Task prompt: Starting from the first line below, count every line holding the word "blind", then state the total alone.

Records supplied:
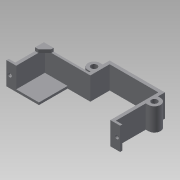
# Autodesk Inventor part: センサ冶具2個積み左
Saved by Autodesk Inventor 2017 (Build 210142000, 142)
## iProperties
Part Number: センサ冶具2個積み左
Material: 一般
Document SubType Name: Modeling
Designer: HISAAKI
Density: 1 g/cm^3
Appearance: 既定
Author: HISAAKI
Autodesk Inventor part; units mm, degrees
ref_plane "YZ Plane" through (0, 0, 0) normal (1, 0, 0) x (0, 1, 0)
ref_plane "XZ Plane" through (0, 0, 0) normal (0, 1, 0) x (-1, 0, 0)
ref_plane "XY Plane" through (0, 0, 0) normal (0, 0, 1) x (1, 0, 0)
sketch "スケッチ1" plane through (0, 0, 0) normal (0, 0, 1) x (1, 0, 0)
  line L0 (0, 0) -> (0, 17.65)
  line L1 (0, 17.65) -> (28, 17.65)
  line L2 (28, 17.65) -> (28, 30.15)
  line L3 (28, 30.15) -> (58, 30.15)
  line L4 (58, 30.15) -> (58, 0)
  line L5 (58, 0) -> (60, 0)
  line L6 (60, 0) -> (60, 32.15)
  line L7 (60, 32.15) -> (28, 32.15)
  line L8 (28, 32.15) -> (26, 32.15)
  line L9 (26, 32.15) -> (26, 19.65)
  line L10 (26, 19.65) -> (-2, 19.65)
  line L11 (-2, 19.65) -> (-2, 0)
  line L12 (-2, 0) -> (0, 0)
  dimension "d0" = 17.65
  dimension "d1" = 28
  dimension "d2" = 12.5
  dimension "d3" = 30
  dimension "d4" = 2
  dimension "d5" = 32.15
  dimension "d6" = 32
  dimension "d7" = 2
  dimension "d8" = 12.5
  dimension "d9" = 28
  constraints: 26 end point, 7 perpendicular, 3 parallel, 3 point on line, 1 vertical
  measures "d0" distance of L0.start L0.end
  measures "d1" distance of L0.end L1.end
  measures "d2" distance of L1.end L2.end
  measures "d3" distance of L2.end L3.end
  measures "d4" distance of L4.end L5.end
  measures "d5" distance of L5.end L6.end
  measures "d6" distance of L6.end L7.end
  measures "d7" distance of L7.end L8.end
  measures "d8" distance of L8.end L9.end
  measures "d9" distance of L9.end L10.end
extrude "押し出し1" add sketch "スケッチ1" along normal blind 14
sketch "スケッチ2" plane through (60, 0, 0) normal (1, 0, 0) x (0, 0, -1)
  line L0 (0, 0) -> (-14, 0) projected
  line L1 (-14, 0) -> (0, 0)
  line L2 (0, 0) -> (0, 2)
  line L3 (0, 2) -> (-14, 2)
  line L4 (-14, 2) -> (-14, 0)
  dimension "d12" = 14
  dimension "d13" = 2
  constraints: 8 end point, 2 parallel, 1 horizontal, 1 perpendicular
  measures "d12" distance of L3.end L2.end
  measures "d13" distance of L2.end L1.end
extrude "押し出し2" add sketch "スケッチ2" along normal blind 7
sketch "スケッチ3" plane through (-2, 0, 0) normal (-1, 0, 0) x (0, 0, 1)
  line L0 (14, 2) -> (0, 2) projected
  line L1 (0, 0) -> (14, 0)
  line L2 (14, 0) -> (14, 2)
  line L3 (14, 2) -> (0, 2)
  line L4 (0, 2) -> (0, 0)
  dimension "d16" = 14
  constraints: 8 end point, 2 parallel, 1 horizontal, 1 perpendicular
  measures "d16" distance of L3.end L0.start
extrude "押し出し3" add sketch "スケッチ3" along normal blind 7
sketch "スケッチ4" plane through (0, 0, 14) normal (0, 0, 1) x (1, 0, 0)
  line L0 (60, 32.15) -> (60, 24.15)
  line L1 (60, 24.15) -> (61.6, 24.15)
  arc A0 (61.6, 20.4) -> (61.6, 27.9) centre (61.6, 24.15) ccw
  line L2 (61.6, 24.15) -> (61.6, 20.4) construction
  line L3 (61.6, 24.15) -> (61.6, 27.9) construction
  line L4 (61.6, 27.9) -> (60, 27.9)
  line L5 (61.6, 20.4) -> (60, 20.4)
  line L6 (60, 2) -> (60, 32.15) projected
  line L7 (60, 27.9) -> (60, 20.4)
  point P0 (0, 0)
  dimension "d47" = 8
  dimension "d48" = 1.6
  dimension "d49" = 3.75
  dimension "d50" = 180
  constraints: 14 end point, 2 perpendicular, 2 point on circle, 2 point on line, 1 centre point, 1 coincident, 1 horizontal, 1 parallel, 1 vertical
  measures "d47" distance of L0.start L0.end
  measures "d48" distance of L0.end L1.end
  measures "d49" radius of A0
  measures "d50" angle of L3 L2
extrude "押し出し4" add sketch "スケッチ4" against normal blind 14
hole "穴3" at (61.6, 24.15, 14) direction (0, 0, -1) diameter 3.75 end through all
sketch "スケッチ7" plane through (0, 0, 14) normal (0, 0, 1) x (1, 0, 0)
  line L0 (60, 32.15) -> (26, 32.15) projected
  line L1 (26, 32.15) -> (26, 24.15)
  line L2 (26, 24.15) -> (24.4, 24.15)
  arc A0 (24.4, 27.9) -> (24.4, 20.4) centre (24.4, 24.15) ccw
  line L3 (24.4, 27.9) -> (26, 27.9)
  line L4 (24.4, 20.4) -> (26, 20.4)
  line L5 (26, 20.4) -> (26, 27.9)
  line L6 (26, 32.15) -> (26, 19.65) projected
  circle A1 centre (24.4, 24.15) radius 1.875
  point P0 (0, 0)
  dimension "d60" = 8
  dimension "d61" = 1.6
  dimension "d62" = 3.75
  dimension "d63" = 3.75
  constraints: 10 end point, 2 centre point, 2 coincident, 2 perpendicular, 2 point on circle, 1 collinear, 1 horizontal, 1 point on line, 1 vertical
  measures "d60" distance of L0.end L1.end
  measures "d61" distance of L1.end L2.end
  measures "d62" radius of A0
  measures "d63" diameter of A1
extrude "押し出し6" add sketch "スケッチ7" against normal blind 14 contours L1 A1 L5 L4 A0 L3 | L1 L5 A1 picked at (23.6929, 24.15)
hole "穴4" at (24.4, 24.15, 14) direction (0, 0, -1) diameter 3.75 end through all
sketch "スケッチ10" plane through (0, 17.65, 0) normal (0, -1, 0) x (1, 0, 0)
  line L0 (28, 14) -> (58, 14) projected
  line L1 (0, 0) -> (28, 0)
  line L2 (28, 0) -> (28, 14)
  line L3 (28, 14) -> (0, 14)
  line L4 (0, 14) -> (0, 0)
  constraints: 8 end point, 2 parallel, 1 horizontal, 1 perpendicular
extrude "押し出し7" cut sketch "スケッチ10" against normal blind 0.6
sketch "スケッチ11" plane through (0, 0, 0) normal (0, -1, 0) x (1, 0, 0)
  line L0 (0, 14) -> (-9, 14) projected
  line L1 (60, 0) -> (67, 0) projected
  line L2 (-9, 14) -> (67, 14)
  line L3 (67, 14) -> (67, 0)
  line L4 (67, 0) -> (-9, 0)
  line L5 (-9, 0) -> (-9, 14)
  point P0 (0, 0)
  constraints: 8 end point, 2 parallel, 1 horizontal, 1 perpendicular
extrude "押し出し8" cut sketch "スケッチ11" against normal blind 0.6
sketch "スケッチ12" plane through (0, 0, 14) normal (0, 0, 1) x (1, 0, 0)
  line L0 (-2, 19.65) -> (-2, 2) projected
  line L1 (-2, 19.65) -> (4, 19.65)
  line L2 (26, 19.65) -> (-2, 19.65) projected
  line L3 (4, 19.65) -> (4, 18.25)
  line L4 (0, 18.25) -> (28, 18.25) projected
  line L5 (4, 18.25) -> (0.2844, 14.5344)
  line L6 (4, 18.25) -> (9.2547, 18.25) construction
  line L7 (0.2844, 14.5344) -> (0, 14.25)
  line L8 (0, 0.6) -> (0, 18.25) projected
  line L9 (0, 14.25) -> (-2, 14.25)
  line L10 (-2, 14.25) -> (-2, 19.65)
  point P0 (0, 0)
  dimension "d79" = 6
  dimension "d80" = 135
  constraints: 14 end point, 4 point on line, 2 horizontal, 2 perpendicular, 1 equal length
  measures "d79" distance of L0.start L1.end
  measures "d80" angle of L5 L6
extrude "押し出し9" add sketch "スケッチ12" along normal blind 2
sketch "スケッチ15" plane through (0, 0, 0) normal (0, 0, -1) x (-1, 0, 0)
  line L0 (0, 0.6) -> (0, 18.25) projected
  line L1 (0, 18.25) -> (-14, 18.25)
  line L2 (-14, 18.25) -> (-14, 0.6)
  line L3 (-14, 0.6) -> (0, 0.6)
  line L4 (0, 0.6) -> (0, 18.25)
  point P0 (0, 0)
  dimension "d88" = 14
  constraints: 8 end point, 2 parallel, 1 horizontal, 1 perpendicular
  measures "d88" distance of L3.end L2.end
extrude "押し出し11" add sketch "スケッチ15" against normal blind 1.4
sketch "スケッチ17" plane through (67, 0, 0) normal (1, 0, 0) x (0, 0, -1)
  line L0 (0, 0.6) -> (-14, 0.6) projected
  line L1 (0, 0.6) -> (-14, 0.6)
  line L2 (-14, 0.6) -> (-14, 9.5309)
  line L3 (-14, 9.5309) -> (0, 9.5309)
  line L4 (0, 9.5309) -> (0, 0.6)
  point P0 (0, 0)
  constraints: 8 end point, 2 parallel, 1 horizontal, 1 perpendicular
extrude "押し出し13" cut sketch "スケッチ17" against normal blind 3
sketch "スケッチ18" plane through (-9, 0, 0) normal (-1, 0, 0) x (0, 0, 1)
  line L0 (0, 0.6) -> (14, 0.6) projected
  line L1 (0, 0.6) -> (14, 0.6)
  line L2 (14, 0.6) -> (14, 6.5)
  line L3 (14, 6.5) -> (0, 6.5)
  line L4 (0, 6.5) -> (0, 0.6)
  point P0 (0, 0)
  constraints: 8 end point, 2 parallel, 1 horizontal, 1 perpendicular
extrude "押し出し14" cut sketch "スケッチ18" against normal blind 3
hole "穴5" at (-4, 2, 7) direction (0, -1, 0) diameter 2.4 end through all
hole "穴6" at (62, 2, 7) direction (0, -1, 0) diameter 2.4 end through all

Worked solution: 11